Estévez al ver que la orden insinuaba inmediatez, se levantó, saludó a las damas presentes con su habitual melosidad y salió raudo de la cafetería.

—¿Cómo sabe que tengo que devolverla? —preguntó sorprendida la policía, ese hombrecito era muy perspicaz.

—Fácil. Una oficial de policía difícilmente se aventure en bicicleta, de noche, por un camino que no conoce. Usted no es del pueblo. Sus modales son de ciudad. Sus borceguíes son de los más caros del mercado, el arma que utiliza es la mejor y más exclusiva que permite la Fuerza; y su perfume es tan importado, que dudo que le alcance medio año de salarios de policía para comprarlo —respondió Esquina, sin levantar la vista de su vacío pocillo de café. Las dos mujeres quedaron mudas.
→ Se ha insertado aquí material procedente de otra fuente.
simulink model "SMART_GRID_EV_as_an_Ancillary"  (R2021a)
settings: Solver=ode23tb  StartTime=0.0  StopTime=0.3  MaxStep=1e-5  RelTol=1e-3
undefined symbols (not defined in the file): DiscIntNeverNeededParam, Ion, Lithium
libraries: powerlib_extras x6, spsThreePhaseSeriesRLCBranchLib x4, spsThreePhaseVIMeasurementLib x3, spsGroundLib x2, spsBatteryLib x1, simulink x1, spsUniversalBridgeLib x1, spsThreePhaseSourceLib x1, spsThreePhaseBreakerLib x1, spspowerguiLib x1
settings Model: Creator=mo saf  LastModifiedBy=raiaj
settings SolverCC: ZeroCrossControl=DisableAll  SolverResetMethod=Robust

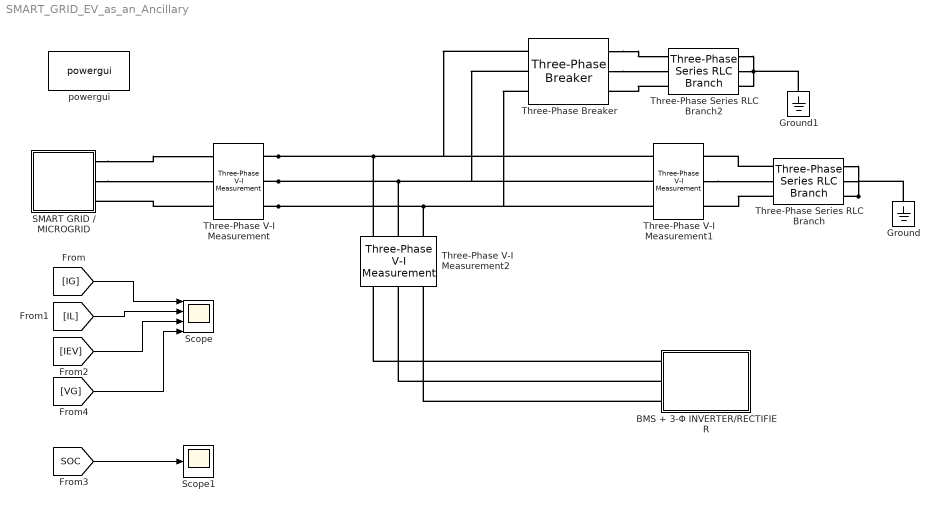
== system SMART_GRID_EV_as_an_Ancillary ==
  BMS + 3-Φ INVERTER/RECTIFIER : Subsystem
  Ground : spsGroundLib/Ground  LConnTagsString=a
  Ground1 : spsGroundLib/Ground  LConnTagsString=a
  SMART GRID / MICROGRID : Subsystem
  Scope : Scope  NumInputPorts=4
  Scope1 : Scope
  Three-Phase Series RLC Branch : spsThreePhaseSeriesRLCBranchLib/Three-Phase Series RLC Branch  LConnTagsString=A|B|C  RConnTagsString=A|B|C  BranchType=R  Resistance=20  Inductance=1e-3  Capacitance=1e-6  Measurements=None
  Three-Phase Series RLC Branch2 : spsThreePhaseSeriesRLCBranchLib/Three-Phase Series RLC Branch  LConnTagsString=A|B|C  RConnTagsString=A|B|C  BranchType=R  Resistance=6  Inductance=1e-3  Capacitance=1e-6  Measurements=None
  Three-Phase V-I Measurement : spsThreePhaseVIMeasurementLib/Three-Phase V-I Measurement  VoltageMeasurement=phase-to-ground  SetLabelV=on  LabelV=VG  Vpu=off  VpuLL=off  CurrentMeasurement=yes  SetLabelI=on  LabelI=IG  Ipu=off  Pbase=100e6  Vbase=500e3  OutputType=Complex  PhasorSimulation=off  PSBequivalent=0
  Three-Phase V-I Measurement1 : spsThreePhaseVIMeasurementLib/Three-Phase V-I Measurement  VoltageMeasurement=phase-to-ground  SetLabelV=on  LabelV=VL  Vpu=off  VpuLL=off  CurrentMeasurement=yes  SetLabelI=on  LabelI=IL  Ipu=off  Pbase=100e6  Vbase=500e3  OutputType=Complex  PhasorSimulation=off  PSBequivalent=0
  Three-Phase V-I Measurement2 : spsThreePhaseVIMeasurementLib/Three-Phase V-I Measurement  VoltageMeasurement=phase-to-ground  SetLabelV=on  LabelV=VEV  Vpu=off  VpuLL=off  CurrentMeasurement=yes  SetLabelI=on  LabelI=IEV  Ipu=off  Pbase=100e6  Vbase=500e3  OutputType=Complex  PhasorSimulation=off  PSBequivalent=0
  Three-Phase Breaker : spsThreePhaseBreakerLib/Three-Phase Breaker  InitialState=open  SwitchA=on  SwitchB=on  SwitchC=on  SwitchTimes=[0.1 9]  External=off  BreakerResistance=0.01  SnubberResistance=1e6  SnubberCapacitance=inf  Measurements=None
  powergui : spspowerguiLib/powergui  Priority=1  SimulationMode=Continuous  SampleTime=50e-6  frequency=60  Iterations=50  frequencyindice=50  Pbase=100e6  ErrMax=1e-4  UnitsV=kV  UnitsW=MW  buscounter=0  FunctionMessages=off  echomessages=off  EnableUseOfTLC=off  CurrentSourceSwitches=off  DisableSnubberDevices=off  DisableRonSwitches=off  DisableVfSwitches=off  DisplayEquations=off  AutomaticDiscreteSolvers=off  SolverType=Tustin/Backward Euler (TBE)  Interpol=off  ExternalGateDelay=off  methode=off  Ts=100  x0status=blocks  SPID=on  SwTol=0  HookPort=off  NonlinearTolerance=1e-4  nMaxIteration=100  ContinueOnMaxIteration=off  RestoreLinks=warning  ResistiveCurrentMeasurement=off  Frange=[0:2:500]  Ylog=off  Xlog=on  ShowGrid=off  save=off  variable=ZData  structure=0  ZoomFFT=off  StartTime=0.0  cycles=1  DisplayStyle=1  fundamental=60  FreqAxis=off  MaxFrequency=1000  frequencyindicesteady=1  RmsSteady=1  display=off
  wires:
  [IG] -> Scope/1
  [IEV] -> Scope/3
  [IL] -> Scope/2
  [VG] -> Scope/4
  [SOC] -> Scope1/1
  connections:
  Three-Phase V-I Measurement/RConn2 -- Three-Phase V-I Measurement2/RConn2 -- Three-Phase V-I Measurement1/LConn2 -- Three-Phase Breaker/LConn2
  Three-Phase V-I Measurement/RConn3 -- Three-Phase V-I Measurement2/RConn3 -- Three-Phase V-I Measurement1/LConn3 -- Three-Phase Breaker/LConn3
  Three-Phase Series RLC Branch2/RConn2 -- Ground1/LConn1 -- Three-Phase Series RLC Branch2/RConn1 -- Three-Phase Series RLC Branch2/RConn3
  Three-Phase Series RLC Branch/RConn3 -- Three-Phase Series RLC Branch/RConn1 -- Ground/LConn1 -- Three-Phase Series RLC Branch/RConn2
  Three-Phase V-I Measurement/RConn1 -- Three-Phase V-I Measurement1/LConn1 -- Three-Phase Breaker/LConn1 -- Three-Phase V-I Measurement2/RConn1
  Three-Phase Series RLC Branch/LConn1 -- Three-Phase V-I Measurement1/RConn1
  Three-Phase Series RLC Branch2/LConn3 -- Three-Phase Breaker/RConn3
  Three-Phase Series RLC Branch/LConn3 -- Three-Phase V-I Measurement1/RConn3
  Three-Phase V-I Measurement1/RConn2 -- Three-Phase Series RLC Branch/LConn2
  Three-Phase Breaker/RConn2 -- Three-Phase Series RLC Branch2/LConn2
  Three-Phase Breaker/RConn1 -- Three-Phase Series RLC Branch2/LConn1
  SMART GRID / MICROGRID/RConn1 -- Three-Phase V-I Measurement/LConn1
  SMART GRID / MICROGRID/RConn2 -- Three-Phase V-I Measurement/LConn2
  Three-Phase V-I Measurement/LConn3 -- SMART GRID / MICROGRID/RConn3
  BMS + 3-Φ INVERTER/RECTIFIER/LConn1 -- Three-Phase V-I Measurement2/LConn1
  BMS + 3-Φ INVERTER/RECTIFIER/LConn2 -- Three-Phase V-I Measurement2/LConn2
  BMS + 3-Φ INVERTER/RECTIFIER/LConn3 -- Three-Phase V-I Measurement2/LConn3

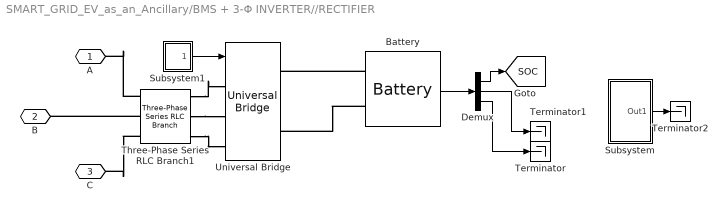
== system SMART_GRID_EV_as_an_Ancillary/BMS + 3-Φ INVERTER//RECTIFIER ==
  Battery : spsBatteryLib/Battery  BatType=Lithium-Ion  ShowTempParam=off  ThermalPreset=no  ShowAgeParam=off  NomV=700  NomQ=20  SOC=100  Batt_Tr=30  PresetModel=on  MaxQ=20  MinV=525  FullV=814.791  Dis_rate=8.6957  R=0.35  Normal_OP=18.087  expZone="[756.2701     0.9826087]"  current=[6.5 13 32.5]  Units=Time  Tci=20  NomT=20  T2=-30  MaxQ2=4.8  FullV2=7.1  Normal_OP2=5.655  expZone2="[6.58           1]"  Rca=0.6  ti=2000  Dp=0  Neq0=0  Tsim=1e6  Ta1=25  Qeol=5.4*0.9  Reol=0.013333*1.2  Char_age=[2.3478, 3]  Dis_age=[2.3478, 10]  N1=1500  N2=10500  N3=1000  N4=1400  Ta2=45  N5=950
  Demux : Demux  Outputs=3
  Subsystem : Subsystem
  Subsystem1 : Subsystem
  Terminator : Terminator
  Terminator1 : Terminator
  Terminator2 : Terminator
  Three-Phase Series RLC Branch1 : spsThreePhaseSeriesRLCBranchLib/Three-Phase Series RLC Branch  LConnTagsString=A|B|C  RConnTagsString=A|B|C  BranchType=L  Resistance=100  Inductance=2.5e-3  Capacitance=1e-6  Measurements=None
  Universal Bridge : spsUniversalBridgeLib/Universal Bridge  Arms=3  SnubberResistance=1e5  SnubberCapacitance=inf  Device=IGBT / Diodes  Ron=1e-3  Lon=0  ForwardVoltages="[  0  0  ]"  ForwardVoltage=0  GTOparameters=[ 10e-6 , 20e-6 ]  IGBTparameters=[ 1e-6 , 2e-6 ]  Measurements=None  Measurements_2=None  converterType=Rectifier
  A : PMIOPort  Side=Left
  B : PMIOPort  Port=2  Side=Left
  C : PMIOPort  Port=3  Side=Left
  tag scope: SOC=global
  wires:
  Battery/1 -> Demux/1
  Demux/2 -> Terminator1/1
  Demux/1 -> [SOC]
  Demux/3 -> Terminator/1
  Subsystem1/1(Out1) -> Universal Bridge/1
  Subsystem/1(Out1) -> Terminator2/1
  connections:
  Three-Phase Series RLC Branch1/RConn3 -- Universal Bridge/LConn3
  Battery/LConn2 -- Universal Bridge/RConn2
  Battery/LConn1 -- Universal Bridge/RConn1
  Three-Phase Series RLC Branch1/RConn2 -- Universal Bridge/LConn2
  Three-Phase Series RLC Branch1/RConn1 -- Universal Bridge/LConn1
  Three-Phase Series RLC Branch1/LConn3 -- C/RConn1
  Three-Phase Series RLC Branch1/LConn1 -- A/RConn1
  Three-Phase Series RLC Branch1/LConn2 -- B/RConn1

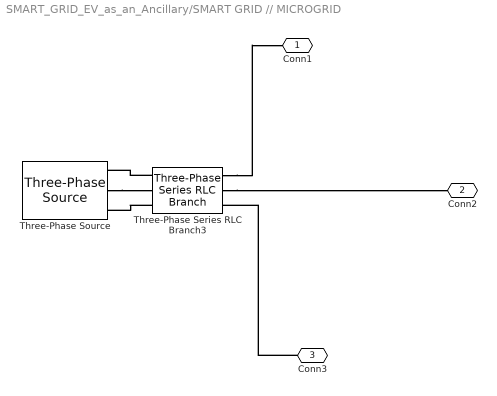
== system SMART_GRID_EV_as_an_Ancillary/SMART GRID // MICROGRID ==
  Three-Phase Series RLC Branch3 : spsThreePhaseSeriesRLCBranchLib/Three-Phase Series RLC Branch  LConnTagsString=A|B|C  RConnTagsString=A|B|C  BranchType=R  Resistance=0.1  Inductance=1e-3  Capacitance=1e-6  Measurements=None
  Three-Phase Source : spsThreePhaseSourceLib/Three-Phase Source  InternalConnection=Yg  VoltagePhases=off  Voltage=415  PhaseAngle=0  Voltage_phases=[25e3 25e3 25e3]/sqrt(3)  PhaseAngles_phases=[0 -120 +120]  Frequency=50  NonIdealSource=on  SpecifyImpedance=off  Resistance=0.8929  Inductance=16.58e-3  ShortCircuitLevel=100e6  BaseVoltage=25e3  XRratio=7  BusType=swing  Pref=10e3  Qref=0  Prefabc=[10e3, 10e3, 10e3]  Qrefabc=[0, 0, 0]  Qmin=-inf  Qmax=inf
  Conn1 : PMIOPort  Side=Right
  Conn2 : PMIOPort  Port=2  Side=Right
  Conn3 : PMIOPort  Port=3  Side=Right
  connections:
  Three-Phase Source/RConn2 -- Three-Phase Series RLC Branch3/LConn2
  Three-Phase Series RLC Branch3/LConn3 -- Three-Phase Source/RConn3
  Three-Phase Series RLC Branch3/LConn1 -- Three-Phase Source/RConn1
  Three-Phase Series RLC Branch3/RConn1 -- Conn1/RConn1
  Three-Phase Series RLC Branch3/RConn2 -- Conn2/RConn1
  Conn3/RConn1 -- Three-Phase Series RLC Branch3/RConn3

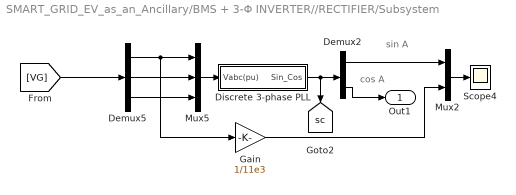
== system SMART_GRID_EV_as_an_Ancillary/BMS + 3-Φ INVERTER//RECTIFIER/Subsystem ==
  note: cos A
  note: sin A
  Demux2 : Demux  Outputs=2
  Demux5 : Demux  Outputs=3
  Discrete 3-phase PLL : Subsystem  AncestorBlock=|  DialogController=POWERSYS.PowerSysDialog  mask(Discrete 3-phase PLL){Fmin=50, Par_Init=[0 50], ParK=[ 0.02 .05 0 ], Ts=5e-6, AGC=on}
      | powerlib_extras/Discrete 
      | Control Blocks/Discrete
      | 3-phase PLL
      mask prompts: Fmin "Minimum frequency (Hz):"; Par_Init "Initial inputs:[ Phase(degrees)   Frequency(Hz) ]"; ParK "Regulator gains [ Kp  Ki  Kd ]"; Ts "Sample time:"; AGC "Enable Automatic Gain Control"
      mask help:
      | This Phase Locked Loop (PLL) system can be used  to synchronize on a set of variable frequency, three-phase sinusoidal signals. If the Automatic Gain Control is enabled, the input (phase error) of the PLL regulator is scaled according to the input signals magnitude.
      |
      | For optimal performance, the following settings are recommended:
      |   [ Kp Ki  Kd ] = [ 180  3200  1 ]
      |   "Enable Automatic Gain Control" checked
      |
      | Input 1: Vector containing the normalized three-phase signals [Va Vb Vc]
      | Output 1:  Measured frequency (Hz) = w/(2pi)
      | Output 2:  Ramp w.t varying between  0 and 2*pi,
      |      synchronized on zero crossings of the fundamental (positive-sequence) of phase A.
      | Output 3: Vector [sin(wt) cos(wt)]
      mask init:
      | Kp=ParK(1);
      | Ki=ParK(2);
      | if length(ParK)==2
      |     Kd=0;
      | else
      |     Kd=ParK(3);
      | end    
      | Phase_Init=Par_Init(1);
      | Finit=Par_Init(2);
      | power_initmask();
      settings: OpenFcn=power_openblockproxy();
      mask Display: disp('')
  Gain : Gain  Gain=1/11e3
  Mux2 : Mux  Inputs=2
  Mux5 : Mux  Inputs=3
  Scope4 : Scope
  Out1 : Outport
  tag scope: sc=global
  wires:
  Demux5/2 -> Mux5/2
  Discrete 3-phase PLL/1(Sin_Cos) -> Demux2/1, [sc]
  Demux5/1 -> Mux5/1, Gain/1
  Mux2/1 -> Scope4/1
  Gain/1 -> Mux2/2
  Demux5/3 -> Mux5/3
  Mux5/1 -> Discrete 3-phase PLL/1(Vabc(pu))
  Demux2/1 -> Mux2/1
  [VG] -> Demux5/1
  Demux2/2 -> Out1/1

Laura, disimuladamente, se olió la ropa y el pelo. Si bien fue un movimiento reflejo de coquetería femenina, le trajo a la memoria el vago olor a sangre del accidente. Había algo sobre lo que no se hablaba, y no podía recordar qué era.

—¿Y qué hay del cuerpo del chofer del camión? —preguntó un poco confundida Laura. Esquina levantó la mirada, con alarma en los ojos. La oficial Bonelli recién en ese momento se percató que nadie había hablado del muerto en la sala. Extraño, de verdad, ella era una policía entrenada. Lo había olvidado por completo.

—¿Qué pasó con el cuerpo? —preguntó la policía, de repente se dio cuenta que solamente sabía que el chofer había muerto en el accidente.

—Se rompió la cara y la cabeza contra el volante y el parabrisas. Lo usual en estos accidentes —respondió tajante Esquina, y atravesó con la mirada a Laura. Esta vez, Sofía sintió los escalofríos. Algo andaba mal.

—Quisiera ver el cuerpo del occiso —dijo la policía, y no era una sugerencia, Cacho Esquina lo sabía. Por un momento, Sofía creyó ver que el jefe de seguridad masticaba palabras por lo bajo. Haciendo un poco de lectura, el lenguaje corporal de Esquina indicaba: furia, o fastidio, no. Sofía releyó las señales y determinó que era desesperación o miedo.